In the ACT! Classic sync model, the only thing to sync was the data itself. Supplemental files such as attachments, templates, layouts, queries, reports, labels, and envelopes were not included as part of the synchronization process. This meant that if you updated any of those items on the main database, the remote sync user would not get them through the synchronization process.
With ACT! 2005, those supplemental files were included as part of what we call the “Data Store.” This meant that anything and everything in the attachments, backup, layouts, queries, reports or templates folders, would sync out to all remote users. The issue with attachments was that although you could limit which contacts were sent to a remote sync user through the sync set, all attachments for all contacts in the database would sync, even if a user did not have access to that contact. Even worse this could make the sync process very slow.
ACT! 2006, attachments will only sync to a remote database for those contacts defined in the sync set for that database.
ACT! 2006 Premium for WorkGroups Administration Functions: ACT! will continue to serve the 5-10 user market segment with its ACT! 2006 Standard product, but the Premium for WorkGroups product family is really designed to meet the needs of larger organizations, with the ability to support up to (and in some cases well over) 50 concurrent users.
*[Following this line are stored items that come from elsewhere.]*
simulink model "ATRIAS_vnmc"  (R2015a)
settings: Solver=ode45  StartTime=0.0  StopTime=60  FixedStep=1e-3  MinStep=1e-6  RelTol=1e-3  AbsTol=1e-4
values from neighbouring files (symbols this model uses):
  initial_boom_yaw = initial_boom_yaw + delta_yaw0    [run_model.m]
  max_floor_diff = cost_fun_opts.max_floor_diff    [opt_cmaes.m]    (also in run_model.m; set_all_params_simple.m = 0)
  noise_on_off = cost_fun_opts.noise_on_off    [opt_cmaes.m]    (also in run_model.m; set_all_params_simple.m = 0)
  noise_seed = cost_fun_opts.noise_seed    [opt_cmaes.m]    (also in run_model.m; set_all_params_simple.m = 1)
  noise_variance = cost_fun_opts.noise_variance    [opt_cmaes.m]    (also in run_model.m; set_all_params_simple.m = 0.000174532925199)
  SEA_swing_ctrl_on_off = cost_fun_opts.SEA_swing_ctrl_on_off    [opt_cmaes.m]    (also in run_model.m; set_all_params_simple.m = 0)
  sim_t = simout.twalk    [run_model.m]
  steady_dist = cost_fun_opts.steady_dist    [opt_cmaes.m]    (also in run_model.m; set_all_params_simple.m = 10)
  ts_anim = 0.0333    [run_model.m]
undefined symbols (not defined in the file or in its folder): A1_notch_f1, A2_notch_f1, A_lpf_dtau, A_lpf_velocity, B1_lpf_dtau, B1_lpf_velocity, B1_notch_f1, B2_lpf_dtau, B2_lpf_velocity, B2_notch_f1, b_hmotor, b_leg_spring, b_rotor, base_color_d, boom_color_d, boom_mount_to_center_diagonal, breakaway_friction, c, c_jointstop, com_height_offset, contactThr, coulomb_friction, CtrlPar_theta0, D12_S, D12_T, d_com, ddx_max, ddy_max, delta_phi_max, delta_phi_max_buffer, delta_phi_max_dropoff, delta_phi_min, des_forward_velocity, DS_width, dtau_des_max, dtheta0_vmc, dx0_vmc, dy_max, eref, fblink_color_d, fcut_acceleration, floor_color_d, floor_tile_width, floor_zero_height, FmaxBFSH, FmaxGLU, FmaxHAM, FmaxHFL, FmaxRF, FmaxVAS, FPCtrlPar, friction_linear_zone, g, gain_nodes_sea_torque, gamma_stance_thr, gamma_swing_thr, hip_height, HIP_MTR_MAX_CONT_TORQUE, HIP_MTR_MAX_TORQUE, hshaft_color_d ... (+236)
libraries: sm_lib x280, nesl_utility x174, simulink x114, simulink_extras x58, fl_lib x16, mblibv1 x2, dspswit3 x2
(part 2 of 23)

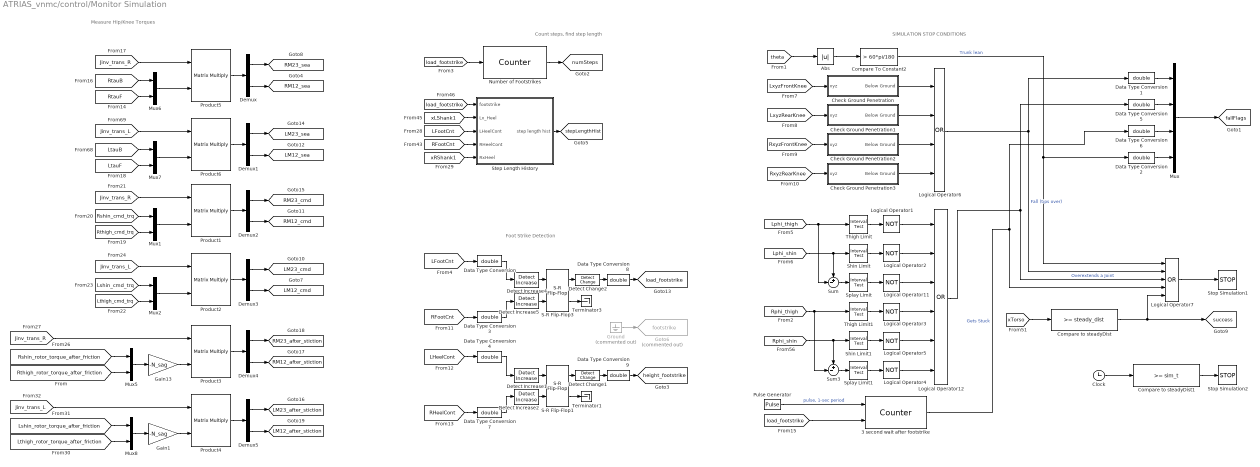
== system ATRIAS_vnmc/control/Monitor Simulation ==
  note: Foot Strike Detection
  note: Count steps, find step length
  note: SIMULATION STOP CONDITIONS
  note: Measure Hip/Knee Torques
  3 second wait after footstrike : dspswit3/Counter  Direction=Up  CountEvent=Rising edge  CounterSize=User defined  MaxCount=255  InitialCount=0  Output=Hit  HitValue=4  ResetInput=on  SamplesPerFrame=1  Ts=1  CntDtype=double  HitDtype=Boolean
  Abs : Abs
  Check Ground Penetration : Subsystem
  Check Ground Penetration1 : Subsystem
  Check Ground Penetration2 : Subsystem
  Check Ground Penetration3 : Subsystem
  Clock : Clock
  Compare To Constant2 : simulink/Logic and Bit Operations/Compare To Constant  relop=>  const=60*pi/180  OutDataTypeStr=boolean
  Compare to steadyDist : simulink/Logic and Bit Operations/Compare To Constant  relop=>=  const=steady_dist  OutDataTypeStr=boolean
  Compare to steadyDist1 : simulink/Logic and Bit Operations/Compare To Constant  relop=>=  const=sim_t  OutDataTypeStr=boolean
  Data Type Conversion{,1..9} (10 alike) : DataTypeConversion  OutDataTypeStr=double
  Demux{,1..5} (6 alike) : Demux  Outputs=2
  Detect Change1 : simulink/Logic and Bit Operations/Detect Change  vinit=0  InputProcessing=Inherited  OutDataTypeStr=boolean
  Detect Change2 : simulink/Logic and Bit Operations/Detect Change  vinit=0  InputProcessing=Inherited  OutDataTypeStr=boolean
  Detect Increase{1..2,4..5} (4 alike) : simulink/Logic and Bit Operations/Detect Increase  vinit=0.0  InputProcessing=Inherited  OutDataTypeStr=boolean
  Gain1 : Gain  Gain=-N_sag
  Gain13 : Gain  Gain=-N_sag
  Goto6 : Goto  Commented=on  GotoTag=footstrike  TagVisibility=global
  Ground : Ground  Commented=on
  Logical Operator{1..5,11} (6 alike) : Logic  Operator=NOT  AllPortsSameDT=off  OutDataTypeStr=boolean
  Logical Operator12 : Logic  Operator=OR  Inputs=6  AllPortsSameDT=off  OutDataTypeStr=boolean
  Logical Operator6 : Logic  Operator=OR  Inputs=4  AllPortsSameDT=off  OutDataTypeStr=boolean
  Logical Operator7 : Logic  Operator=OR  Inputs=5  AllPortsSameDT=off  OutDataTypeStr=boolean
  Mux : Mux
  Mux{1..2,5..8} (6 alike) : Mux  Inputs=2
  Number of Footstrikes : dspswit3/Counter  Direction=Up  CountEvent=Rising edge  CounterSize=User defined  MaxCount=255  InitialCount=0  Output=Count  HitValue=4  ResetInput=off  SamplesPerFrame=1  Ts=1  CntDtype=double  HitDtype=Boolean
  Product{1..6} (6 alike) : Product  Multiplication=Matrix(*)  InputSameDT=on
  Pulse Generator : DiscretePulseGenerator  PulseType=Time based  Period=1  PulseWidth=5
  S-R Flip-Flop1 : simulink_extras/Flip Flops/S-R Flip-Flop  initial_condition=1
  S-R Flip-Flop3 : simulink_extras/Flip Flops/S-R Flip-Flop  initial_condition=1
  Shin Limit : simulink/Logic and Bit Operations/Interval Test  IntervalClosedRight=on  uplimit=phi_shin_max  IntervalClosedLeft=on  lowlimit=phi_shin_min  OutDataTypeStr=boolean
  Shin Limit1 : simulink/Logic and Bit Operations/Interval Test  IntervalClosedRight=on  uplimit=phi_shin_max  IntervalClosedLeft=on  lowlimit=phi_shin_min  OutDataTypeStr=boolean
  Splay Limit : simulink/Logic and Bit Operations/Interval Test  IntervalClosedRight=on  uplimit=delta_phi_max  IntervalClosedLeft=on  lowlimit=delta_phi_min  OutDataTypeStr=boolean
  Splay Limit1 : simulink/Logic and Bit Operations/Interval Test  IntervalClosedRight=on  uplimit=delta_phi_max  IntervalClosedLeft=on  lowlimit=delta_phi_min  OutDataTypeStr=boolean
  Step Length History : Subsystem
  Stop Simulation1 : Stop
  Stop Simulation2 : Stop
  Sum : Sum  Inputs=+-|
  Sum3 : Sum  Inputs=+-|
  Terminator1 : Terminator
  Terminator3 : Terminator
  Thigh Limit : simulink/Logic and Bit Operations/Interval Test  IntervalClosedRight=on  uplimit=phi_thigh_max  IntervalClosedLeft=on  lowlimit=phi_thigh_min  OutDataTypeStr=boolean
  Thigh Limit1 : simulink/Logic and Bit Operations/Interval Test  IntervalClosedRight=on  uplimit=phi_thigh_max  IntervalClosedLeft=on  lowlimit=phi_thigh_min  OutDataTypeStr=boolean
  tag scope: LM12_after_stiction=global, LM12_cmd=global, LM12_sea=global, LM23_after_stiction=global, LM23_cmd=global, LM23_sea=global, RM12_after_stiction=global, RM12_cmd=global, RM12_sea=global, RM23_after_stiction=global, RM23_cmd=global, RM23_sea=global, fallFlags=global, height_footstrike=global, load_footstrike=global, numSteps=global, stepLengthHist=global, success=global
  wires:
  [theta] -> Abs/1
  Mux/1 -> [fallFlags]
  Pulse Generator/1 -> 3 second wait after footstrike/1  "pulse, 1-sec period"
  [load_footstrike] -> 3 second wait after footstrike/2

Silent Install: In most organizations users do not always have sufficient permissions to install software, and can mean that IT controls application installation remotely. While ACT! 2006 PFW still requires Administrative level permissions on the machine to install the program, a user with Non-Administrative level permissions can now run the application on their workstation after an Administrator installs ACT!.
With the launch of ACT! 2006 PFW, the IT staff can set up ACT! using what is known as a “Silent Install.” Silent installations run without any user input and with no indication to the user that an installation is occurring.
ACT! Scheduler: ACT! 2006 PFW, you can use the ACT! Scheduler to setup an automated backup of your ACT! databases, including Remote Sync databases. This insures that your ACT! database, and all of the associated supplemental files, including Attachments, Backups, Layouts, Queries, Reports and Templates, will be backed up regularly without having to rely on an administrative user to manually backup the database.
Citrix and Terminal Services Support: In an effort to reduce IT support costs, companies are using Terminal Services or Citrix solutions in their IT environment. When a user runs an application on a Citrix or Windows Terminal Server, the application is installed only on the server and all of the application execution takes place on the server. Using Citrix or Terminal Services, companies can make sure that all Users are on the most current versions of an application because the software is installed only once on a server, rather than on every workstation throughout the organization. This model reduces the costs and challenges of updating user machines, especially for remotely located workstations or branch offices.
ACT! 2006 is the first version of ACT! to be officially supported in a Citrix or Terminal Services environment.
Accounting Integration: ACT! 2006 will offer accounting integration with the following packages: QuickBooks, Peachtree, Business Works, Simply Accounting, and MAS90. Some integration links have not yet been released.